### [INPUT RECORDS]
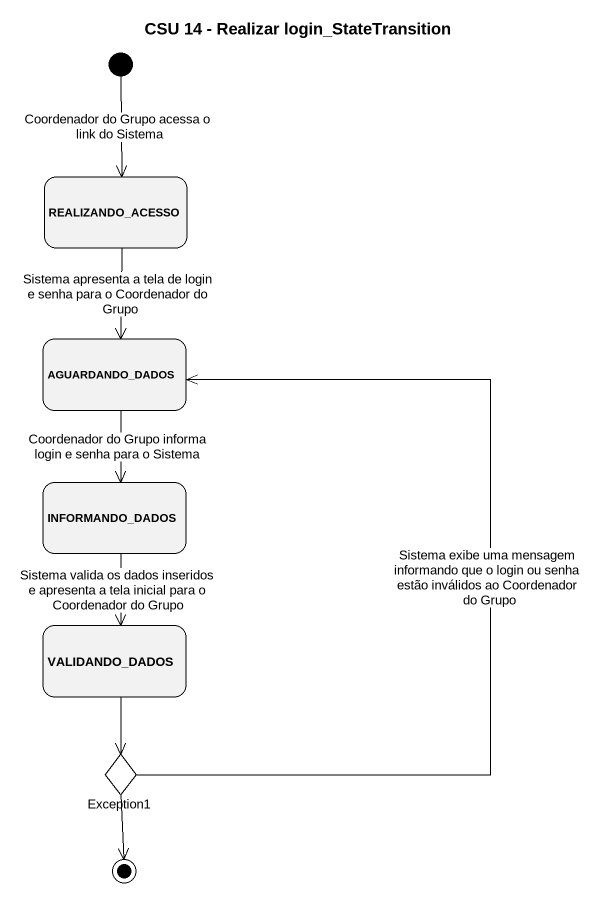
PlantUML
@startuml
title CSU 14 - Realizar login_StateTransition
hide empty description
state REALIZANDO_ACESSO
state AGUARDANDO_DADOS
state INFORMANDO_DADOS
state VALIDANDO_DADOS
state Exception1 <<choice>>
[*] --> REALIZANDO_ACESSO : Coordenador do Grupo acessa o link do Sistema
REALIZANDO_ACESSO --> AGUARDANDO_DADOS : Sistema apresenta a tela de login e senha para o Coordenador do Grupo
AGUARDANDO_DADOS --> INFORMANDO_DADOS : Coordenador do Grupo informa login e senha para o Sistema
INFORMANDO_DADOS --> VALIDANDO_DADOS : Sistema valida os dados inseridos e apresenta a tela inicial para o Coordenador do Grupo
VALIDANDO_DADOS --> Exception1
Exception1 -up-> AGUARDANDO_DADOS : Sistema exibe uma mensagem informando que o login ou senha estão inválidos ao Coordenador do Grupo
Exception1 --> [*]
@enduml
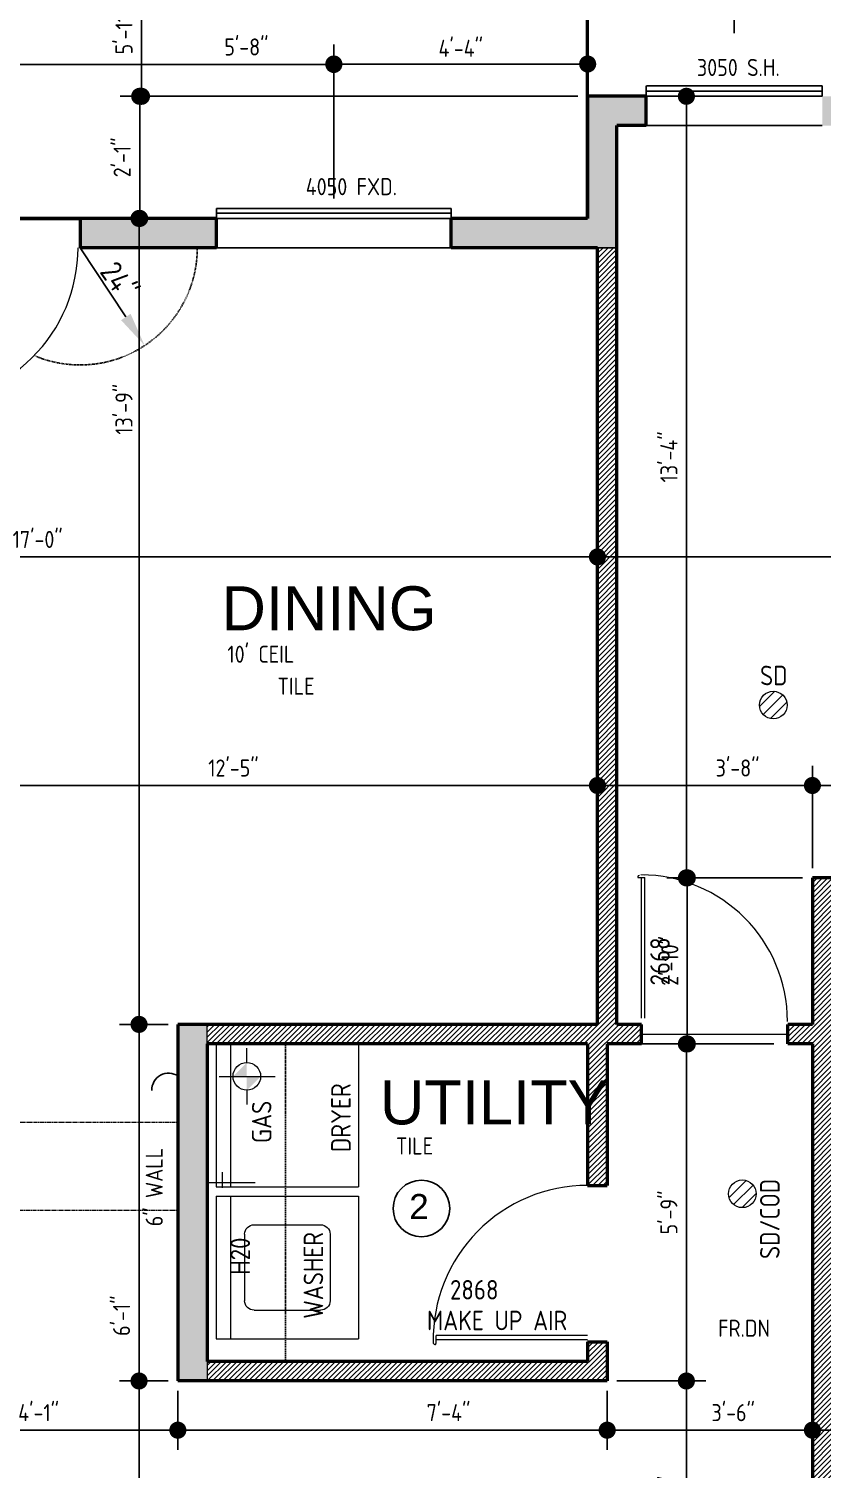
# Model space of a CAD drawing. Header units: inches. Extents: x 4 to 1638, y 6 to 1086.
# Drawn here: x 1094.2 to 1256.6, y 641.7 to 936.5 of the extents above; entities that cross this region are included whole.
import ezdxf
from ezdxf.enums import TextEntityAlignment as Align

# ---------------------------------------------------------------- set-up
doc = ezdxf.new("R2010")
doc.units = ezdxf.units.IN
doc.header["$MEASUREMENT"] = 0
doc.linetypes.add('HIDDEN', pattern=[0.375, 0.25, -0.125])
for name, color, linetype in [('CABS-FLOORPLAN', 132, 'Continuous'), ('ELECTRICAL WIRING', 137, 'HIDDEN'), ('TEXT', 7, 'Continuous'), ('WIN', 2, 'Continuous')]:
    doc.layers.add(name, color=color, linetype=linetype)
for name, color, linetype, lineweight in [('DIMS', 4, 'Continuous', 25), ('DOORS', 127, 'Continuous', 9), ('DOORTEXT', 253, 'Continuous', 20), ('FIXTURES', 2, 'Continuous', 15), ('HATCH', 139, 'Continuous', 0), ('L1', 251, 'Continuous', 0), ('ROOM LBLS', 253, 'Continuous', 30), ('TEXT LBLS', 81, 'Continuous', 18), ('WALLS', 7, 'Continuous', 50), ('WINDWS LBLS', 121, 'Continuous', 18)]:
    doc.layers.add(name, color=color, linetype=linetype, lineweight=lineweight)
doc.styles.add('ARCH', font='ARCHITXT.SHX')
doc.styles.add('SWIS72', font='swissel.ttf', dxfattribs={"height": 4.5})
doc.styles.add('TEXT1', font='ARCHITXT.shx')
doc.dimstyles.new('ARCHITECTURAL', dxfattribs={"dimtxt": 3.5, "dimasz": 3.5, "dimexe": 4, "dimexo": 2, "dimgap": 1.5, "dimtad": 1, "dimdec": 1, "dimzin": 3, "dimdsep": 46, "dimlunit": 4, "dimtxsty": 'ARCH', "dimblk": 'DOT', "dimcen": 0.0625, "dimadec": 0, "dimazin": 0, "dimtfac": 1, "dimtdec": 1, "dimtix": 1, "dimtofl": 0, "dimtmove": 1, "dimatfit": 2, "dimldrblk": 'DOTSMALL', "dimfxl": 1, "dimtolj": 1, "dimtzin": 0, "dimarcsym": 0})
pattern_1 = [(45, (-49103.8698, 93453.425), (-0.530330086, 0.530330086), [])]
pattern_2 = [(45, (-53643.4519, 59312.6311), (-1.175565024, 1.175565024), [])]

# ---------------------------------------------------------------- blocks, each defined once
blk = doc.blocks.new('WASH_DRY')
at = {"layer": 'FIXTURES'}
for p, q in [((-30.7, 37.27), (-30.7, 7.27)), ((-30.7, 37.27), (-0.7, 37.27)), ((-0.7, 37.27), (-0.7, 7.27)), ((1.3, 37.27), (1.3, 7.27)), ((1.3, 37.27), (31.3, 37.27)), ((31.3, 37.27), (31.3, 7.27)), ((-30.7, 34.27), (-0.7, 34.27)), ((1.3, 34.27), (31.3, 34.27)), ((9.3, 31.27), (23.3, 31.27)), ((7.3, 29.27), (7.3, 15.27)), ((25.3, 29.27), (25.3, 15.27)), ((9.3, 13.27), (23.3, 13.27)), ((-30.7, 7.27), (-0.7, 7.27)), ((1.3, 7.27), (31.3, 7.27))]:
    blk.add_line(p, q, dxfattribs=at)
for centre, start, end in [((9.3, 29.27), 90, 180), ((23.3, 29.27), 0, 90), ((9.3, 15.27), 180, 270), ((23.3, 15.27), 270, 0)]:
    blk.add_arc(centre, 2, start, end, dxfattribs=at)
blk = doc.blocks.new('_Dot')
at = {"layer": 'DIMS', "color": 0, "lineweight": -2}
blk.add_line((-0.5, 0), (-1, 0), dxfattribs=at)
at = {"layer": 'DIMS', "color": 0, "const_width": 0.5}
blk.add_lwpolyline([(-0.25, 0, 1), (0.25, 0, 1)], format="xyb", close=True, dxfattribs=at)
blk = doc.blocks.new('*D145')
at = {"layer": 'Defpoints', "color": 0, "ltscale": 0.5, "transparency": 16777216}
for p in [(1075.69, 694.72, 0.25), (1124.69, 659.72), (1124.69, 649.65)]:
    blk.add_point(p, dxfattribs=at)
at = {"layer": 'DIMS', "color": 0, "lineweight": -2, "ltscale": 0.5, "transparency": 16777216}
for p, q in [((1075.69, 692.72), (1075.69, 645.65)), ((1124.69, 657.72), (1124.69, 645.65)), ((1079.19, 649.65), (1121.19, 649.65))]:
    blk.add_line(p, q, dxfattribs=at)
at = {"layer": 'DIMS', "color": 0, "lineweight": -2, "ltscale": 0.5, "transparency": 16777216, "xscale": 3.5, "yscale": 3.5, "zscale": 3.5, "rotation": 180}
blk.add_blockref('_Dot', (1075.69, 649.65), dxfattribs=at)
at = {"layer": 'DIMS', "color": 0, "lineweight": -2, "ltscale": 0.5, "transparency": 16777216, "xscale": 3.5, "yscale": 3.5, "zscale": 3.5}
blk.add_blockref('_Dot', (1124.69, 649.65), dxfattribs=at)
at = {"layer": 'DIMS', "color": 0, "ltscale": 0.5, "transparency": 16777216, "insert": (1096.19, 653.24), "char_height": 3.5, "attachment_point": 5, "style": 'ARCH'}
blk.add_mtext('\\A1;4\'-1"', dxfattribs=at)
blk = doc.blocks.new('_DotSmall')
at = {"layer": 'DIMS', "color": 0, "const_width": 0.5}
blk.add_lwpolyline([(-0.0625, 0, 1), (0.0625, 0, 1)], format="xyb", close=True, dxfattribs=at)
blk = doc.blocks.new('*D146')
at = {"layer": 'Defpoints', "color": 0, "ltscale": 0.5, "transparency": 16777216}
for p in [(1124.69, 659.72), (1212.57, 659.72), (1212.57, 649.65)]:
    blk.add_point(p, dxfattribs=at)
at = {"layer": 'DIMS', "color": 0, "lineweight": -2, "ltscale": 0.5, "transparency": 16777216}
for p, q in [((1124.69, 657.72), (1124.69, 645.65)), ((1212.57, 657.72), (1212.57, 645.65)), ((1128.19, 649.65), (1209.07, 649.65))]:
    blk.add_line(p, q, dxfattribs=at)
at = {"layer": 'DIMS', "color": 0, "lineweight": -2, "ltscale": 0.5, "transparency": 16777216, "xscale": 3.5, "yscale": 3.5, "zscale": 3.5, "rotation": 180}
blk.add_blockref('_Dot', (1124.69, 649.65), dxfattribs=at)
at = {"layer": 'DIMS', "color": 0, "lineweight": -2, "ltscale": 0.5, "transparency": 16777216, "xscale": 3.5, "yscale": 3.5, "zscale": 3.5}
blk.add_blockref('_Dot', (1212.57, 649.65), dxfattribs=at)
at = {"layer": 'DIMS', "color": 0, "ltscale": 0.5, "transparency": 16777216, "insert": (1180.09, 653.24), "char_height": 3.5, "attachment_point": 5, "style": 'ARCH'}
blk.add_mtext('\\A1;7\'-4"', dxfattribs=at)
blk = doc.blocks.new('*D147')
at = {"layer": 'Defpoints', "color": 0, "ltscale": 0.5, "transparency": 16777216}
for p in [(1212.57, 659.72), (1254.57, 649.65), (1254.57, 641.72)]:
    blk.add_point(p, dxfattribs=at)
at = {"layer": 'DIMS', "color": 0, "lineweight": -2, "ltscale": 0.5, "transparency": 16777216}
for p, q in [((1212.57, 657.72), (1212.57, 645.65)), ((1254.57, 643.72), (1254.57, 653.65)), ((1216.07, 649.65), (1251.07, 649.65))]:
    blk.add_line(p, q, dxfattribs=at)
at = {"layer": 'DIMS', "color": 0, "lineweight": -2, "ltscale": 0.5, "transparency": 16777216, "xscale": 3.5, "yscale": 3.5, "zscale": 3.5, "rotation": 180}
blk.add_blockref('_Dot', (1212.57, 649.65), dxfattribs=at)
at = {"layer": 'DIMS', "color": 0, "lineweight": -2, "ltscale": 0.5, "transparency": 16777216, "xscale": 3.5, "yscale": 3.5, "zscale": 3.5}
blk.add_blockref('_Dot', (1254.57, 649.65), dxfattribs=at)
at = {"layer": 'DIMS', "color": 0, "ltscale": 0.5, "transparency": 16777216, "insert": (1238.36, 653.24), "char_height": 3.5, "attachment_point": 5, "style": 'ARCH'}
blk.add_mtext('\\A1;3\'-6"', dxfattribs=at)
blk = doc.blocks.new('*D148')
at = {"layer": 'Defpoints', "color": 0, "ltscale": 0.5, "transparency": 16777216}
for p in [(1329.57, 649.65), (1329.57, 644.02), (1254.57, 634.74)]:
    blk.add_point(p, dxfattribs=at)
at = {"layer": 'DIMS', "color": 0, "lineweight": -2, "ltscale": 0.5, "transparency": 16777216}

### [DIRECTIONS]
In the listing, how many lines have the word "format"? Write only that number.

### [SOLUTION TO THIS TASK]
2